++++ EXTRACTED DATA ++++

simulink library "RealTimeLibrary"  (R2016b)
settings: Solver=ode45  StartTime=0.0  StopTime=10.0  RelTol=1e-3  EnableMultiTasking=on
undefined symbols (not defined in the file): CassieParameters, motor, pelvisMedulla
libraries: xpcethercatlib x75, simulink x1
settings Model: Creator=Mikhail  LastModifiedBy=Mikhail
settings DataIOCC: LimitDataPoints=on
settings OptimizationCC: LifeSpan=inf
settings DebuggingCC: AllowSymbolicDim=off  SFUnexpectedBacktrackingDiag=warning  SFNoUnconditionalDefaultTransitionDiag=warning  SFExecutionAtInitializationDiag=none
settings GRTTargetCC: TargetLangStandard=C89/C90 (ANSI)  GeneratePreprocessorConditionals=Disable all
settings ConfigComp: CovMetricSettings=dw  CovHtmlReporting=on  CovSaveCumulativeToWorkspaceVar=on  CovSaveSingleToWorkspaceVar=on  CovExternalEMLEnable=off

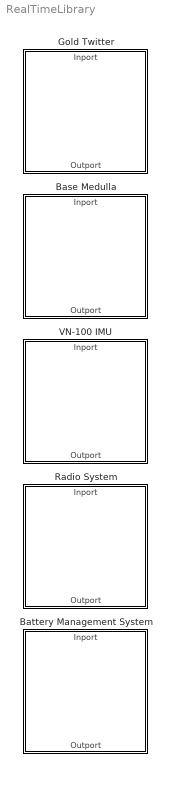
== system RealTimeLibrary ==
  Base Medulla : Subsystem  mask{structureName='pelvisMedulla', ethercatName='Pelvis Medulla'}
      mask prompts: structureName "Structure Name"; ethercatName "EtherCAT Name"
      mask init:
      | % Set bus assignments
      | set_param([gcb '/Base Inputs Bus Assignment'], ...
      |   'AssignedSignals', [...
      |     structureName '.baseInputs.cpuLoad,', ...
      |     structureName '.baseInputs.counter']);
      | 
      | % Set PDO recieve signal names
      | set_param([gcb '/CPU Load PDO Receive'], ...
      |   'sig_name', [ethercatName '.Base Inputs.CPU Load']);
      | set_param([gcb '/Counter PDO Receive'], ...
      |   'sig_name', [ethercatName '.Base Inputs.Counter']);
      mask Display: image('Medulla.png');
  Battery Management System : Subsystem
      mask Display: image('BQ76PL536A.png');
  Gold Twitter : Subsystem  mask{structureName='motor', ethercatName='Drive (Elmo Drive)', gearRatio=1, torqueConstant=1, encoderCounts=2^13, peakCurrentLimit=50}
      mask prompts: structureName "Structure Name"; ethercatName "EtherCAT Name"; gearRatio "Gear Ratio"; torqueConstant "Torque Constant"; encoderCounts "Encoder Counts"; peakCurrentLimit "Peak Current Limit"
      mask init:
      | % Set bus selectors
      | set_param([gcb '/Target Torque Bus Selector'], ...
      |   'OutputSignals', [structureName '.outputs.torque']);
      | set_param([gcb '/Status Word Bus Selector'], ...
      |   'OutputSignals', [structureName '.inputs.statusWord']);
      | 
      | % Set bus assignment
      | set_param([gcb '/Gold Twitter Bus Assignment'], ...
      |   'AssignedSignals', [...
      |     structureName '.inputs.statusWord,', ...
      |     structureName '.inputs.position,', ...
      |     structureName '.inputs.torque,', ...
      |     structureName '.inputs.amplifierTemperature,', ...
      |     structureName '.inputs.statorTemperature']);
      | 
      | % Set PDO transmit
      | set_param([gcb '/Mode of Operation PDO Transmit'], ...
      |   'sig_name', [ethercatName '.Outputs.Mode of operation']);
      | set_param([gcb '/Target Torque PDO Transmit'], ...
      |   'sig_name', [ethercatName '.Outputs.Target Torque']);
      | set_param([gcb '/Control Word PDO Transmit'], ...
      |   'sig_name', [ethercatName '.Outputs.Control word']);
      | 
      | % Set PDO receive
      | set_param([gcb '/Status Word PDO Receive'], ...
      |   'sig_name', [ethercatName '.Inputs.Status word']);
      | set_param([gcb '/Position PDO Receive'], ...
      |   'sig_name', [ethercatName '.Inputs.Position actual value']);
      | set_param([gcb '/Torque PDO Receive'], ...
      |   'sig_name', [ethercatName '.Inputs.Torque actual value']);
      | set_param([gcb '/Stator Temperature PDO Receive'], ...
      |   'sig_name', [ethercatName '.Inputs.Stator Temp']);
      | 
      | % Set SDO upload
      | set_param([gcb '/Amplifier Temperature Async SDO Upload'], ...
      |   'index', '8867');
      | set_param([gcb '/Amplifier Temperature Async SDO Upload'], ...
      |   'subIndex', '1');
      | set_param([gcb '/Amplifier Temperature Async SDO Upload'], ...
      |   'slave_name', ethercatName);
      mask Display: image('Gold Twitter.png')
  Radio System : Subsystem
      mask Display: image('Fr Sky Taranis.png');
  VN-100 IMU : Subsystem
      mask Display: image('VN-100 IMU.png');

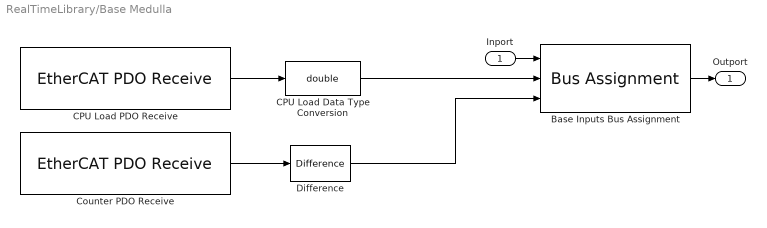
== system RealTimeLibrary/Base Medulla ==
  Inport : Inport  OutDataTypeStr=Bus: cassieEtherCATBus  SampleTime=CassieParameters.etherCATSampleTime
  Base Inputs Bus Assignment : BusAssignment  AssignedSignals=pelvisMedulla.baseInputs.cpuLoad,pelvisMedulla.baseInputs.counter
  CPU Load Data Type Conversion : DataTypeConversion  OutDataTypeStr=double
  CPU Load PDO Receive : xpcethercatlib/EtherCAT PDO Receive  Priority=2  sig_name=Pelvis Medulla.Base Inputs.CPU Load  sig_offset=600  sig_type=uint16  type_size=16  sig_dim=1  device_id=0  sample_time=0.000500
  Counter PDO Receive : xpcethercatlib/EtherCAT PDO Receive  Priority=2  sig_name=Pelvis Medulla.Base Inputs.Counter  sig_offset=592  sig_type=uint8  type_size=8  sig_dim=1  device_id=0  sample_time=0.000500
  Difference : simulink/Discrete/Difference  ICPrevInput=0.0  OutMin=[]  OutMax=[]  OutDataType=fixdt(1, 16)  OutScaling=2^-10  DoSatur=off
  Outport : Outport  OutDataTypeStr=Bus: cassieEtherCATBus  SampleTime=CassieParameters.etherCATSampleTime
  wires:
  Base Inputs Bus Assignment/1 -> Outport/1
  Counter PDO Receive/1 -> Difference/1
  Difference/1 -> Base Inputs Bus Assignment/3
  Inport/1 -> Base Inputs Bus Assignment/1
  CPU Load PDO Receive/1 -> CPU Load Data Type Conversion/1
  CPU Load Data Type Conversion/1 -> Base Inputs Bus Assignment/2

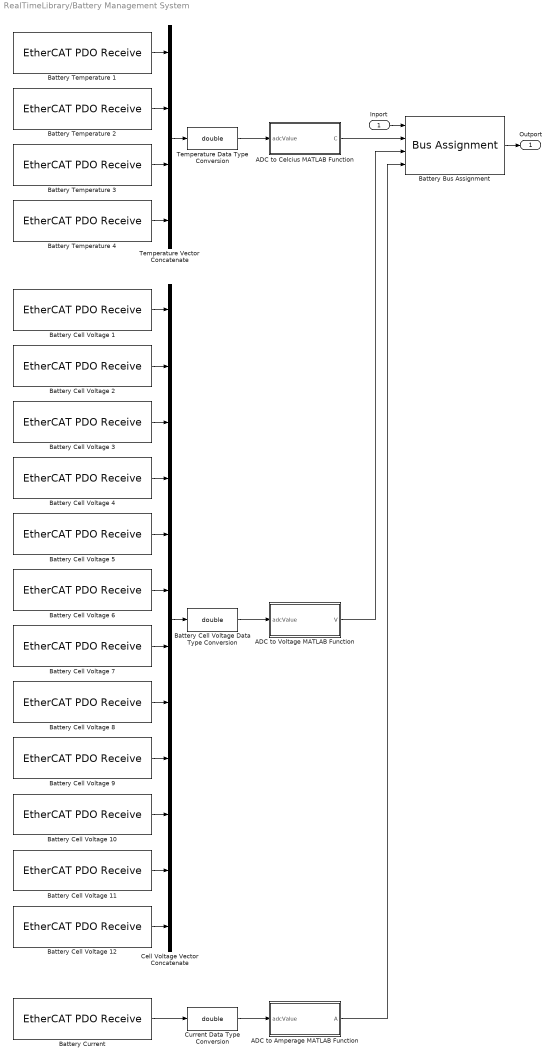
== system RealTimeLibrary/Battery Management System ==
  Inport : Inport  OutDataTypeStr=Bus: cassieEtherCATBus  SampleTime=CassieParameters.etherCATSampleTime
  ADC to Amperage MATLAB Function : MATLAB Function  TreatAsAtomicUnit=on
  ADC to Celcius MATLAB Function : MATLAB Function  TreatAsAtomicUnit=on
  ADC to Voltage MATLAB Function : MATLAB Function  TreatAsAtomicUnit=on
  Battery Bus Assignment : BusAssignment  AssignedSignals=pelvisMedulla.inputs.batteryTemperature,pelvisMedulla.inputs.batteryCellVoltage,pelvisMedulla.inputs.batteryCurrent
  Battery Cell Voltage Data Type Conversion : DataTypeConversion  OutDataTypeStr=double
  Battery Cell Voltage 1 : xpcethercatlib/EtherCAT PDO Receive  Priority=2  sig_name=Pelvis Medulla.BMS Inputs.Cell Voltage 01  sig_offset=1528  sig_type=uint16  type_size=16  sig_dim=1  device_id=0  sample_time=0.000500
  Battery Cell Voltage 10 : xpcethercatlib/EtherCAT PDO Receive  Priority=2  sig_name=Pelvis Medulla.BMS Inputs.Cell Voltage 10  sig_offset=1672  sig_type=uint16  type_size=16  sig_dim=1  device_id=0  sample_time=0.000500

++++

**EXERCISE BRIEF**. Extract every line from the records above that contains the word "cpuLoad".

**THE ANSWER**.
      |     structureName '.baseInputs.cpuLoad,', ...
  Base Inputs Bus Assignment : BusAssignment  AssignedSignals=pelvisMedulla.baseInputs.cpuLoad,pelvisMedulla.baseInputs.counter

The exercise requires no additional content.